Closed pveber closed 3 years ago
What about R version 4.0.3, the current one? Anyway, I think Virgile can reasonably take care about this, right?
The change appears with version 4.0.0 of R: see https://developer.r-project.org/Blog/public/2020/02/16/stringsasfactors/
For the morse
side, it seems to don't have any problem. The data we store have replicate even as numeric
> data("cadmium1") ; class(cadmium1$replicate)
[1] "numeric"
> data("cadmium2") ; class(cadmium2$replicate)
[1] "numeric"
> data("chlordan") ; class(chlordan$replicate)
[1] "numeric"
> data("copper") ; class(copper$replicate)
[1] "numeric"
> data("dichromate") ; class(dichromate$replicate)
[1] "numeric"
> data("zinc") ; class(zinc$replicate)
[1] "numeric"
> data("propiconazole") ; class(propiconazole$replicate)
[1] "factor"
> data("propiconazole_pulse_exposure") ; class(propiconazole_pulse_exposure$replicate)
[1] "factor"
And, it's the same after survData
. Since we have to use survData
, maybe we can ensure that all survData
object have replicate of class character
?
Now:
> class(survData(cadmium1)$replicate)
[1] "numeric"
> class(survData(propiconazole)$replicate)
[1] "factor"
As of now I only got failure in mosaic unit tests
@pveber Tu pourrais me mettre le lien des tests unitaires que tu fais sur mosaic ?
@virgile-baudrot Thanks for having a look at it!
Here's a simple example that shows the problem:
> data(cadmium1)
> cadmium1$replicate <- as.character(cadmium1$replicate)

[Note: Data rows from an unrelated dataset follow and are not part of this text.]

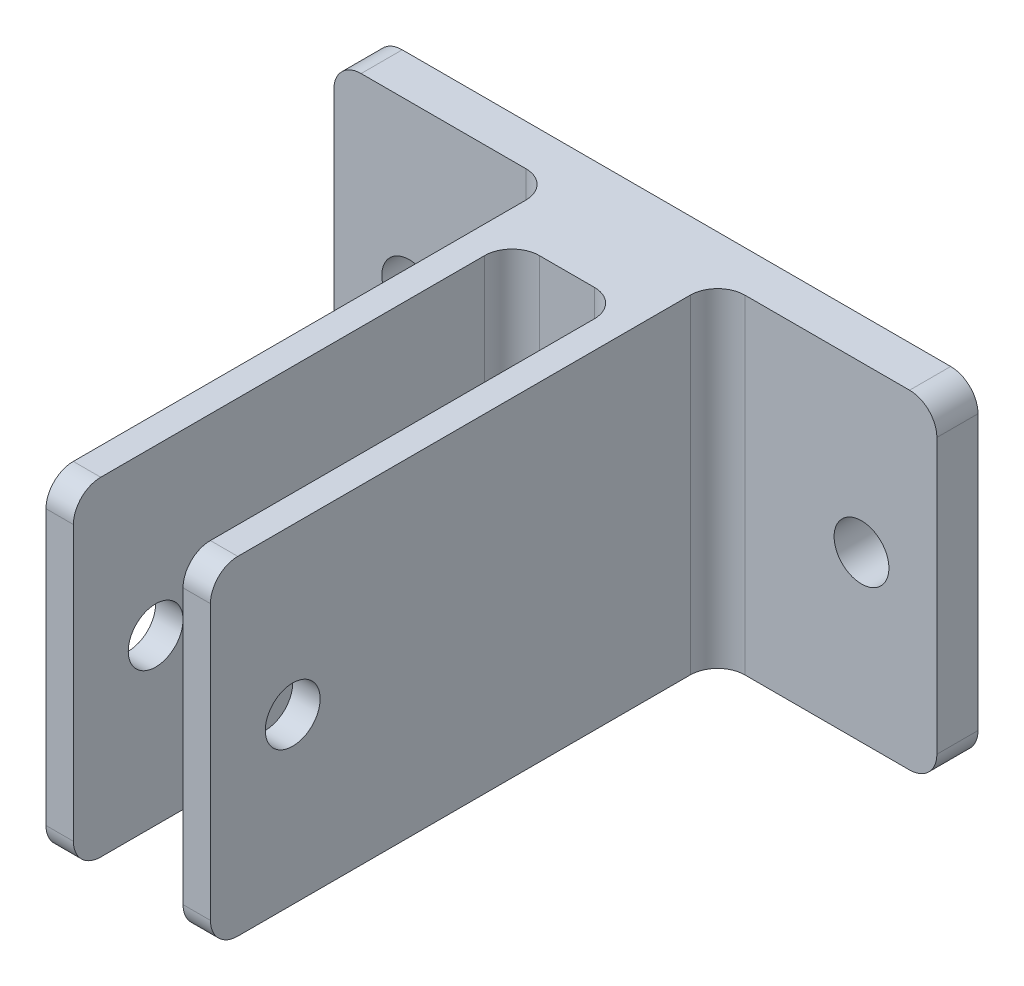
from build123d import *

# Parameters (mm, degrees)
EXTRUDE1_DEPTH      = 19.05
SKETCH2_R           = 3.175
EXTRUDE2_DEPTH      = 75.93269063
EXTRUDE3_DEPTH      = 76.501141892
EXTRUDE3_DEPTH_BACK = 76.501141892
SKETCH3_R           = 3.175
FILLET3_R           = 3.1623


with BuildPart() as part:
    # Sketch1 → Extrude1 (new, symmetric)
    with BuildSketch(Plane(origin=(0, 0, 0), x_dir=(1, 0, 0), z_dir=(0, 1, 0))):
        Polygon((-34.925, 0), (34.925, 0), (34.925, -4.7625), (9.525, -4.7625), (9.525, -63.5), (6.35, -63.5), (6.35, -12.7), (-6.35, -12.7), (-6.35, -63.5), (-9.525, -63.5), (-9.525, -4.7625), (-34.925, -4.7625), align=None)
    extrude(amount=EXTRUDE1_DEPTH, both=True)

    # Sketch2 → Extrude2 (cut, through all)
    with BuildSketch(Plane.XY):
        with Locations(Location((-26.19375, 0, 0), (0, 0, 180))):
            Circle(SKETCH2_R)
        with Locations(Location((26.19375, 0, 0), (0, 0, 180))):
            Circle(SKETCH2_R)
    extrude(amount=EXTRUDE2_DEPTH, mode=Mode.SUBTRACT)

    # Sketch3 → Extrude3 (cut, two sides: drawn at the far end of the back side and taken through both)
    with BuildSketch(Plane(origin=(0, 0, -0.669808337), x_dir=(0, 0, -1), z_dir=(1, 0, 0)).offset(-EXTRUDE3_DEPTH_BACK)):
        with Locations(Location((-54.644808337, 0, 0), (0, 0, 180))):
            Circle(SKETCH3_R)
    extrude(amount=EXTRUDE3_DEPTH + EXTRUDE3_DEPTH_BACK, mode=Mode.SUBTRACT)

    # Fillet3
    fillet3_edges = [part.edges().sort_by_distance(p)[0] for p in [
        (-34.925, 19.05, 2.38125),
        (7.9375, -19.05, 63.5),
        (-7.9375, -19.05, 63.5),
        (-34.925, -19.05, 2.38125),
        (34.925, -19.05, 2.38125),
        (-7.9375, 19.05, 63.5),
        (9.525, 0, 4.7625),
        (6.35, 0, 12.7),
        (-6.35, 0, 12.7),
        (-9.525, 0, 4.7625),
        (7.9375, 19.05, 63.5),
        (34.925, 19.05, 2.38125),
    ]]
    fillet(fillet3_edges, radius=FILLET3_R)


solid = part.part

> class(cadmium1$replicate)
[1] "character"
> class(survData(cadmium1)$replicate)
[1] "character"
In my original post, I mentionned that the same issue can be obtained when reading the data with read.table
, which I do in my unit test.
ok. But what should be the class of "replicate"? Because, any class should work since it's used to isolate/filter a group
Ok. I think I get your point. Since replicate
is only a label, the type can be numeric
or character
... even logical
if two class but it's weird! And we say integer
or factor
.
R is crazy 😄 :
> a = c("1", "2", 3)
> typeof(a)
[1] "character"
> b = c(1, 2, 3)
> typeof(b)
[1] "double"
> a == b
[1] TRUE TRUE TRUE
> class(a) == class(b)
[1] FALSE
> class(a[1]) == class(b[1])
[1] FALSE
> class(c("a", "b"))
[1] "character"
> typeof(c("a", "b"))
[1] "character"
> class(as.factor(c("a", "b")))
[1] "factor"
> typeof(as.factor(c("a", "b")))
[1] "integer"
> typeof(as.factor(c("a", "b")))
[1] "integer"
> as.factor(c("a", "b")) + 1
[1] NA NA
Warning message:
In Ops.factor(as.factor(c("a", "b")), 1) : ‘+’ not meaningful for factors
> c("a", "b") + 1
Error in c("a", "b") + 1 :
argument non numérique pour un opérateur binaire
I would say that column replicate should be filled in by any type of input left to the choice the user himself. That is letters, numbers, of combination of both...
And I thought I had seen it all :)
I think first and foremost, whatever the function does, the doc should describe it correctly. Now should the doc be changed, or the behavior of the function? My point is that since the doc says replicate is an int or a factor, that fact might be used in other places of the code in the library. Making sure that allowing character
values won't hurt somewhere else (including in mosaic) is a lot of (tedious) work. It'd be simpler I think to allow character
values for replicate
in the argument of survData
but to convert them to factors in the value it produces. So that we have freedom for users and reliability for downstream code.
OK. I'm doing that!
should solve the issue
@pveber I let you close the issue if it's ok for you
I confirm the tests are OK now for Mosaic (I'm the one who reported the issue to @pveber).
EDIT: do you plan to make a new release on CRAN ?
EDIT: do you plan to make a new release on CRAN ?
Yes, I do
Very good, thank you all for taking care of this!
@virgile-baudrot @sandrinecharles
I love R, I just do. Compare:
and:
This change revealed a bug in
survData
. While the documentation says:it outputs a replicate column of class
character
when the corresponding column in the input dataframe is of this class. A conversion should be performed here, because I'm not sure how much the rest of the code relies on this field to beinteger
(that's a situation where static typing would have helped!). As of now I only got failure in mosaic unit tests but this is likely to affect the whole application.The bug came out because the
replicate
column is often encoded with string values, andread.table
used to encode those as a factor by default. This is not the case anymore, and this make the type check (and conversion) even more important. Correcting this and making the corresponding release would help a lot with mosaic. The needed change is I think very trivial but since I've not been handling the releases for a long time, I think it's better to let you handle it. Would it be ok?